Diagnostic Hematology

Annals of Laboratory Medicine 2014; 34(6): 426-432.

Published online: 28 October 2014

DOI: https://doi.org/10.3343/alm.2014.34.6.426

CD34 and p53 Immunohistochemical Stains Differentiate Hypocellular Myelodysplastic Syndrome (hMDS) from Aplastic Anemia and a CD34 Immunohistochemical Stain Provides Useful Survival Information for hMDS

Choong-Hwan Cha, M.D.^1,⁴, Chan-Jeoung Park, M.D.¹, Hyun-Sook Chi, M.D.¹, Eul Ju Seo, M.D.¹, Seongsoo Jang, M.D.¹, Young-Uk Cho, M.D.¹, Kyoo-Hyung Lee, M.D.², Je-Hwan Lee, M.D.², Jung-Hee Lee, M.D.², Ho Joon Im, M.D.³, Jong-Jin Seo, M.D.³

¹Department of Laboratory Medicine, University of Ulsan College of Medicine and Asan Medical Center, Seoul, Korea.
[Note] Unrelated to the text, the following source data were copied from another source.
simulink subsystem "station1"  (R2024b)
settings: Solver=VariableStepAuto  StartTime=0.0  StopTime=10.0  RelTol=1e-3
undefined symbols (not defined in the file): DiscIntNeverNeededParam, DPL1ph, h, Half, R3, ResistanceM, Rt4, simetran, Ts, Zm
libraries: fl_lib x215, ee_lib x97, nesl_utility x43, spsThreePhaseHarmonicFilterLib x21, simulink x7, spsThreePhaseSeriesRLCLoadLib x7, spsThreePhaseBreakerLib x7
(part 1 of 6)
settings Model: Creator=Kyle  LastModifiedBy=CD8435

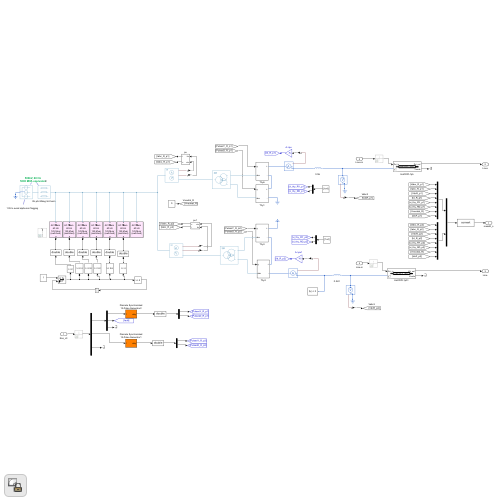
[thumbnail: Simulink's stored preview of the top-level diagram]
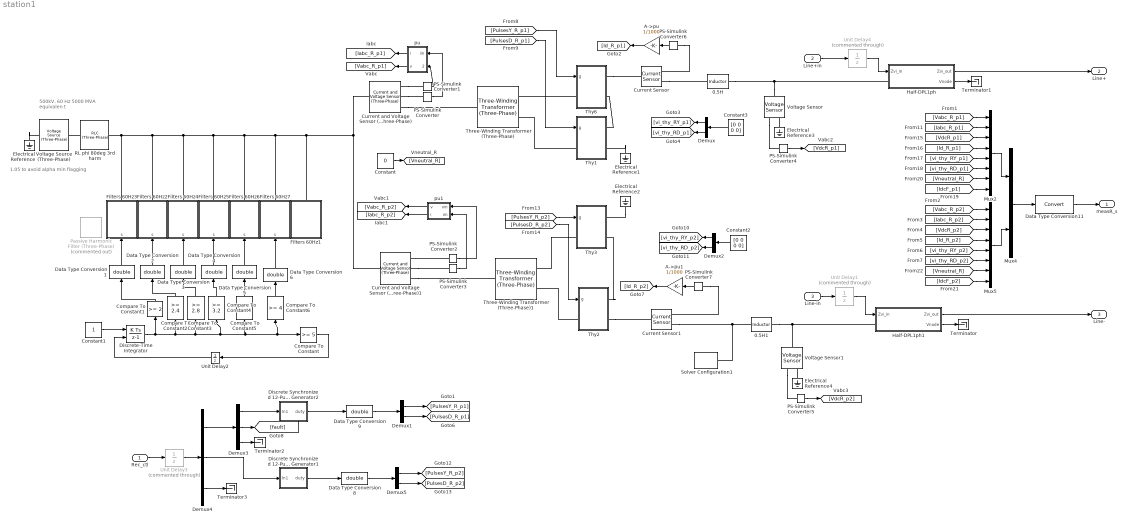
== system station1 ==
  note: 1.05 to avoid alpha min flagging
  note: 500kV, 60 Hz
      | 5000 MVA equivalen t
  Rec_ctl : Inport
  Line+in : Inport  Port=2
  Line-in : Inport  Port=3
  0.5H : ee_lib/Passive/Inductor  l=0.5 H  enable_L_tol=ee.enum.toleranceApplication.none  L_tol=20  tol_distribution=ee.enum.toleranceDistribution.uniform  nSigma=4  r=1 Ohm  g=1e-9 1/Ohm  enable_operating_limits=ee.enum.enable.no  operating_limit_action=ee.enum.passive.reportOpLim.warn  max_working_current=1 A  power_rating=1 W  fault_action=simscape.enum.assert.action.none  t_fault=1 s  i_L_specify=off  i_L_priority=High  i_L=0 A  i_L_nominal_specify=off  i_L_nominal_value=1  i_L_nominal_unit=A
  0.5H1 : ee_lib/Passive/Inductor  l=0.5 H  enable_L_tol=ee.enum.toleranceApplication.none  L_tol=20  tol_distribution=ee.enum.toleranceDistribution.uniform  nSigma=4  r=1 Ohm  g=1e-9 1/Ohm  enable_operating_limits=ee.enum.enable.no  operating_limit_action=ee.enum.passive.reportOpLim.warn  max_working_current=1 A  power_rating=1 W  fault_action=simscape.enum.assert.action.none  t_fault=1 s  i_L_specify=off  i_L_priority=High  i_L=0 A  i_L_nominal_specify=off  i_L_nominal_value=1  i_L_nominal_unit=A
  A->pu : Gain  Gain=1/1000  SaturateOnIntegerOverflow=on  OutDataTypeStr=Inherit: Same as input  ParamDataTypeStr=Inherit: Same as input
  A->pu1 : Gain  Gain=1/1000  SaturateOnIntegerOverflow=on  OutDataTypeStr=Inherit: Same as input  ParamDataTypeStr=Inherit: Same as input
  Compare To Constant : simulink/Logic and Bit Operations/Compare To Constant  relop=>=  const=5  OutDataTypeStr=uint8  ZeroCross=off
  Compare To Constant1 : simulink/Logic and Bit Operations/Compare To Constant  relop=>=  const=2  OutDataTypeStr=uint8  ZeroCross=off
  Compare To Constant2 : simulink/Logic and Bit Operations/Compare To Constant  relop=>=  const=2.4  OutDataTypeStr=uint8  ZeroCross=off
  Compare To Constant3 : simulink/Logic and Bit Operations/Compare To Constant  relop=>=  const=2.8  OutDataTypeStr=uint8  ZeroCross=off
  Compare To Constant4 : simulink/Logic and Bit Operations/Compare To Constant  relop=>=  const=3.2  OutDataTypeStr=uint8  ZeroCross=off
  Compare To Constant5 : simulink/Logic and Bit Operations/Compare To Constant  relop=>=  const=3.6  OutDataTypeStr=uint8  ZeroCross=off
  Compare To Constant6 : simulink/Logic and Bit Operations/Compare To Constant  relop=>=  const=4  OutDataTypeStr=uint8  ZeroCross=off
  Constant : Constant  Value=0
  Constant1 : Constant
  Constant2 : Constant  Value=[0 0 0 0]
  Constant3 : Constant  Value=[0 0 0 0]
  Current Sensor : fl_lib/Electrical/Electrical Sensors/Current Sensor
  Current Sensor1 : fl_lib/Electrical/Electrical Sensors/Current Sensor
  Current and Voltage Sensor (Three-Phase) : ee_lib/Sensors & Transducers/Current and Voltage Sensor (Three-Phase)  vMeasurementType=ee.enum.vmeasurement.lg  outputUnit=ee.enum.unit.si  SRated=100e6 A*V  VRated=24e3 V  I_specify=off  I_priority=None  I=[0, 0, 0] A  I_nominal_specify=off  I_nominal_value=1  I_nominal_unit=A  V_specify=off  V_priority=None  V=[0, 0, 0] V  V_nominal_specify=off  V_nominal_value=1  V_nominal_unit=V
      settings: InternalSimscapePortConfiguration="{\"Bottom\":[],\"Left\":[{\"id\":\"N1\",\"label\":\"~1\",\"type\":\"foundation.electrical.three_phase\"}],\"Right\":[{\"id\":\"V_output\",\"label\":\"V\",\"type\":\"output\"},{\"id\":\"I_output\",\"label\":\"I\",\"type\":\"output\"},{\"id\":\"N2\",\"label\":\"~2\",\"type\":\"foundation.electrical.three_phase\"}],\"Top\":[]}"
  Current and Voltage Sensor (Three-Phase)1 : ee_lib/Sensors & Transducers/Current and Voltage Sensor (Three-Phase)  vMeasurementType=ee.enum.vmeasurement.lg  outputUnit=ee.enum.unit.si  SRated=100e6 A*V  VRated=24e3 V  I_specify=off  I_priority=None  I=[0, 0, 0] A  I_nominal_specify=off  I_nominal_value=1  I_nominal_unit=A  V_specify=off  V_priority=None  V=[0, 0, 0] V  V_nominal_specify=off  V_nominal_value=1  V_nominal_unit=V
      settings: InternalSimscapePortConfiguration="{\"Bottom\":[],\"Left\":[{\"id\":\"N1\",\"label\":\"~1\",\"type\":\"foundation.electrical.three_phase\"}],\"Right\":[{\"id\":\"V_output\",\"label\":\"V\",\"type\":\"output\"},{\"id\":\"I_output\",\"label\":\"I\",\"type\":\"output\"},{\"id\":\"N2\",\"label\":\"~2\",\"type\":\"foundation.electrical.three_phase\"}],\"Top\":[]}"
  Data Type Conversion{1..6,8..9} (8 alike) : DataTypeConversion  OutDataTypeStr=double  SaturateOnIntegerOverflow=off  RndMeth=Floor
  Data Type Conversion11 : DataTypeConversion  SaturateOnIntegerOverflow=off  RndMeth=Floor
  Demux : Demux  Outputs=2
  Demux1 : Demux  Outputs=[6 6]
  Demux2 : Demux  Outputs=2
  Demux3 : Demux  Outputs=[6 1 1]
  Demux4 : Demux  Outputs=[8 6 1]
  Demux5 : Demux  Outputs=[6 6]
  Discrete Synchronized 12-Pulse Generator1 : Subsystem
  Discrete Synchronized 12-Pulse Generator2 : Subsystem
  Discrete-Time Integrator : DiscreteIntegrator  ExternalReset=rising  SampleTime=Ts  ICPrevOutput=DiscIntNeverNeededParam  ICPrevScaledInput=DiscIntNeverNeededParam
  Electrical Reference{,1..4} (5 alike) : fl_lib/Electrical/Electrical Elements/Electrical Reference
  Filters 60Hz1 : Subsystem
      mask Display: disp('AC filters \n60 Hz\n125 Mvar\n(switched)')
  Filters 60Hz2 : Subsystem
      mask Display: disp('AC filters \n60 Hz\n125 Mvar\n(switched)')
  Filters 60Hz3 : Subsystem
      mask Display: disp('AC filters \n60 Hz\n125 Mvar\n(switched)')
  Filters 60Hz4 : Subsystem
      mask Display: disp('AC filters \n60 Hz\n125 Mvar\n(switched)')
  Filters 60Hz5 : Subsystem
      mask Display: disp('AC filters \n60 Hz\n125 Mvar\n(switched)')
  Filters 60Hz6 : Subsystem
      mask Display: disp('AC filters \n60 Hz\n125 Mvar\n(switched)')
  Filters 60Hz7 : Subsystem
      mask Display: disp('AC filters \n60 Hz\n125 Mvar\n(switched)')
  Half-DPL1ph : Subsystem  AncestorBlock=simetran/Half-DPL1ph  mask(Simscape 1-phase Distributed Parameters Line){Phases=1, Frequency=60, Resistance=0.015, Inductance=0.792e-3, Capacitance=14.4e-9, Length=300, Ts=Ts, cd=on}
      mask prompts: Phases "Number of phases N"; Frequency "Frequency used for R L C specification (Hz)"; Resistance "Resistance per unit length (Ohms/km)   [N*N matrix] or [R1 R0 R0m]"; Inductance "Inductance per unit length (H/km) [N*N matrix ] or [L1 L0 L0m]"; Capacitance "Capacitance per unit length (F/km) [N*N matrix] or [C1 C0 C0m]"; Length "Line length (km)"; Ts "Sample time (s)"; cd "Compensate for explicit external Unit Delay of propagation"
      mask help:
      | Implements a single-phase distributed parameter line (DPL) model.
      |
      | This DPL model allows the decoupling of computational tasks at each line ends.
      mask init:
      | % Get current block
      | currentBlock = gcb;
      | 
      | % Get electric variables
      | [Zm,R,v,Ti,to,Rt4,h,Zimp,Zmat,Yphase,ResistanceM] = ssc_dpl_cb(gcb,'variable_mask_maskinitialization', Phases, Frequency, Resistance, Inductance, Capacitance, Length);
      | % nphase=Phases;
      | % [Zm,R,v,Ti]=powericon('Distributed Parameter Line Model',nphase,Frequency,Resistance,Inductance,Capacitance);
      | %         %[Zmxx,Rmxx,Smodexx,Tixx] = blmodlin(nphase,Frequency,Resistance,Inductance,Capacitance);
      | %         %warning(w);
      | % 
      | % 
      | %         to = Length ./ v;
      | %         Rt4 = R * Length / 4;
      | %         h = (Zm - Rt4) ./ (Zm + Rt4);
      | %         Zimp = Zm + Rt4;
      | % 
      | %         % Calculate Zmat
      | %         Zmat = zeros(nphase);
      | %         for t = 1 : nphase
      | %             Zmat(t,t) = Zimp(t);
      | %         end
      | % 
      | %         % Calculate Y phase
      | %         Yphase=Ti*inv(Zmat)*(Ti');
      | % 
      | %         % Calculate R_x_0
      | %         ResistanceM = zeros(nphase);
      | %         for t = 1 : nphase
      | %             ResistanceM(t,t) = 1/(sum(Yphase(t,1:nphase)));
      | %         end
      | % 
      | %         % Calculate R_m_n
      | %         for t = 1 : nphase
      | %             for u = t+1: nphase
      | %                 ResistanceM(t,u) = -1/(Yphase(u,t));
      | %             end
      | %         end
      | V1_init=[0 zeros(1,Phases); 0.1 zeros(1,Phases)];
      | delay=floor(to/Ts);
      | if cd==1
      |     delay=delay-1;
      | end
      | if delay<1
      |     error('Line delay is less than 1 time step');
      | end
      | remd=rem(to,Ts)/Ts;
      mask TypeOptions Phases: 1 | 2 | 3 | 4 | 5 | 6 | 8 | 9 | 10 | 12
      mask Display:
      | plot(0,0,100,100,[20,20,80,80,90,80,80,20,20,10],[50,40,40,50,50,50,61,61,50,50])
      | disp('half-DPL 1ph)')
      | %disp(mess)
  Half-DPL1ph1 : Subsystem  AncestorBlock=simetran/Half-DPL1ph  mask(Simscape 1-phase Distributed Parameters Line){Phases=1, Frequency=60, Resistance=0.015, Inductance=0.792e-3, Capacitance=14.4e-9, Length=300, Ts=Ts, cd=on}
      mask prompts: Phases "Number of phases N"; Frequency "Frequency used for R L C specification (Hz)"; Resistance "Resistance per unit length (Ohms/km)   [N*N matrix] or [R1 R0 R0m]"; Inductance "Inductance per unit length (H/km) [N*N matrix ] or [L1 L0 L0m]"; Capacitance "Capacitance per unit length (F/km) [N*N matrix] or [C1 C0 C0m]"; Length "Line length (km)"; Ts "Sample time (s)"; cd "Compensate for explicit external Unit Delay of propagation"
      mask help:
      | Implements a single-phase distributed parameter line (DPL) model.
      |
      | This DPL model allows the decoupling of computational tasks at each line ends.
      mask init: same as station1/Half-DPL1ph
      mask TypeOptions Phases: 1 | 2 | 3 | 4 | 5 | 6 | 8 | 9 | 10 | 12
      mask Display:
      | plot(0,0,100,100,[20,20,80,80,90,80,80,20,20,10],[50,40,40,50,50,50,61,61,50,50])
      | disp('half-DPL 1ph)')
      | %disp(mess)
  Mux2 : Mux  Inputs=[3 3 1 1 2 2 1 1]
  Mux4 : Mux  Inputs=[14 14 ]
  Mux5 : Mux  Inputs=[3 3 1 1 2 2 1 1]
  PS-Simulink Converter{,1..7} (8 alike) : nesl_utility/PS-Simulink Converter  PhysicalDomain=network_engine_domain  SubClassName=ps_output  LeftPortType=input  RightPortType=output  PseudoPeriodic=off  Frequencies=[]  VectorFormat=inherit  Unit=inherit  AffineConversion=off
  Passive Harmonic Filter (Three-Phase) : ee_lib/Passive/Passive Harmonic Filter (Three-Phase)  Commented=on  QRated=100e6 A*V  VRated=4160 V  FRated=60 Hz  qfactor=10  type_option=ee.enum.filtertype.BPsingle  connection_option=ee.enum.filterconnection.delta  ftuned=5 * 60 Hz  ftuned1=7 * 60 Hz  ftuned2=11 * 60 Hz  I_specify=off  I_priority=None  I=[0, 0, 0] A  I_nominal_specify=off  I_nominal_value=1  I_nominal_unit=A  V_specify=off  V_priority=None  V=[0, 0, 0] V  V_nominal_specify=off  V_nominal_value=1  V_nominal_unit=V
      settings: InternalSimscapePortConfiguration="{\"Bottom\":[],\"Left\":[{\"id\":\"N\",\"label\":\"~\",\"type\":\"foundation.electrical.three_phase\"}],\"Right\":[],\"Top\":[]}"
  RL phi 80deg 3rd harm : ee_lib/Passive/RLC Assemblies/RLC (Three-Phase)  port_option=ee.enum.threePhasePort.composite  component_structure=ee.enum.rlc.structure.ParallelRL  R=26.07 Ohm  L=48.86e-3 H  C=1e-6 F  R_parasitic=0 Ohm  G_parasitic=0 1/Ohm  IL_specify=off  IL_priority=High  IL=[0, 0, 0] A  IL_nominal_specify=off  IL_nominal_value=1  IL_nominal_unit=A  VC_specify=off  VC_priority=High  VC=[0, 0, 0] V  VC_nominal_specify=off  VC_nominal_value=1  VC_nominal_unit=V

²Department of Internal Medicine, University of Ulsan College of Medicine and Asan Medical Center, Seoul, Korea.

³Department of Pediatrics, University of Ulsan College of Medicine and Asan Medical Center, Seoul, Korea.

⁴Department of Laboratory Medicine, University of Ulsan College of Medicine and Gangneung Asan Hospital, Gangneung, Korea.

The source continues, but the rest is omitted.